(What is required):
Needed from the entries below: every line that holds the word "lines".

(Exercise data):
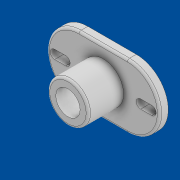
# Autodesk Inventor part: 부품1
Saved by Autodesk Inventor 2022 (Build 260153000, 153)
## iProperties
Created: 2022-09-19
Part Number: 부품1
Material: 일반
Document SubType Name: Modeling
Designer: USER
Density: 1 g/cm^3
Appearance: 기본값
Author: USER
Autodesk Inventor part; units mm, degrees
ref_plane "YZ Plane" through (0, 0, 0) normal (1, 0, 0) x (0, 1, 0)
ref_plane "XZ Plane" through (0, 0, 0) normal (0, 1, 0) x (-1, 0, 0)
sketch "스케치1" plane through (0, 0, 0) normal (0, 0, 1) x (1, 0, 0)
  line L0 (-22, 0) -> (22, 0) construction
  line L1 (-22, -29) -> (22, -29)
  line L2 (22, 29) -> (-22, 29)
  arc A0 (-22, 29) -> (-22, -29) centre (-22, 0) ccw
  arc A1 (22, -29) -> (22, 29) centre (22, 0) ccw
  line L3 (-44, 0) -> (-34, 0) construction
  line L4 (-44, -4) -> (-34, -4)
  line L5 (-34, 4) -> (-44, 4)
  arc A2 (-44, 4) -> (-44, -4) centre (-44, 0) ccw
  arc A3 (-34, -4) -> (-34, 4) centre (-34, 0) ccw
  line L6 (44, 0) -> (34, 0) construction
  line L7 (44, 4) -> (34, 4)
  line L8 (34, -4) -> (44, -4)
  arc A4 (44, -4) -> (44, 4) centre (44, 0) ccw
  arc A5 (34, 4) -> (34, -4) centre (34, 0) ccw
  circle A6 centre (0, 0) radius 18.5
  circle A7 centre (0, 0) radius 11
  point P0 (-39, 0)
  point P1 (39, 0)
  dimension "d0" = 29
  dimension "d1" = 102
  dimension "d2" = 10
  dimension "d3" = 8
  dimension "d4" = 10
  dimension "d5" = 8
  dimension "d6" = 68
  dimension "d7" = 34
  dimension "d8" = 37
  dimension "d9" = 22
  constraints: 24 end point, 12 point on circle, 12 tangent, 8 centre point, 3 coincident, 3 horizontal, 3 midpoint, 3 parallel
  measures "d0" radius of A1
  measures "d2" distance of L3.end L3.start
  measures "d3" distance between parallel lines of L5 L4
  measures "d4" distance of L6.start L6.end
  measures "d5" distance between parallel lines of L7 L8
  measures "d6" distance of L6.end L3.end
  measures "d7" distance of point (0, 0) L3.end
  measures "d8" diameter of A6
  measures "d9" diameter of A7
extrude "돌출1" add sketch "스케치1" along normal blind 8 contours A0 L2 A1 L1
extrude "돌출2" add sketch "스케치1" along normal blind 40 contours A6
ref_plane "작업 평면1" through (-22, 0, 0) normal (0, 1, 0) x (1, 0, 0)
sketch "스케치2" plane through (-22, 0, 0) normal (0, 1, 0) x (1, 0, 0)
  line L0 (36.5, 0) -> (34.1671, -19)
  line L1 (34.1671, -19) -> (9.8329, -19)
  line L2 (33, -40) -> (33, 0) projected
  line L3 (9.8329, -19) -> (7.5, 0)
  line L4 (85.0441, 0) -> (-77.2032, 0)
  line L5 (22, 10.7301) -> (22, -88.2666)
  point P0 (22, 0)
  point P1 (22, 0)
  point P2 (22, 0)
  point P3 (22, -19)
  dimension "d14" = 14
  dimension "d16" = 29
  dimension "d17" = 19
  dimension "d18" = 19
  dimension "d19" = 0
  dimension "d20" = 0
  dimension "d21" = 14.5
  constraints: 10 end point, 1 coincident, 1 horizontal, 1 perpendicular, 1 vertical
  measures "d14" angle of L3 L0
  measures "d16" distance of L3.end L0.start
  measures "d17" distance from line of L1 L0.start
  measures "d18" distance from line of L1 L3.end
  measures "d19" distance from line of L4 L3.end
  measures "d20" distance from line of point (22, 0) L4
  measures "d21" distance of L0.start point (22, 0)
revolve "회전1" cut sketch "스케치2" angle 360 about axis through (0, 0, -10.7301) along (0, 0, 1) contours L0 L1 L2 L4 | L2 L1 L5 L4
fillet "모깎기1" radius 2 1 edges at (-12.1671, 0, 19)
fillet "모깎기2" radius 2 5 edges at (-18.5, 0, 40) (0, -29, 8) (51, 0, 8) (0, 29, 8) (-51, 0, 8)

(Finished exercise):
  measures "d3" distance between parallel lines of L5 L4
  measures "d5" distance between parallel lines of L7 L8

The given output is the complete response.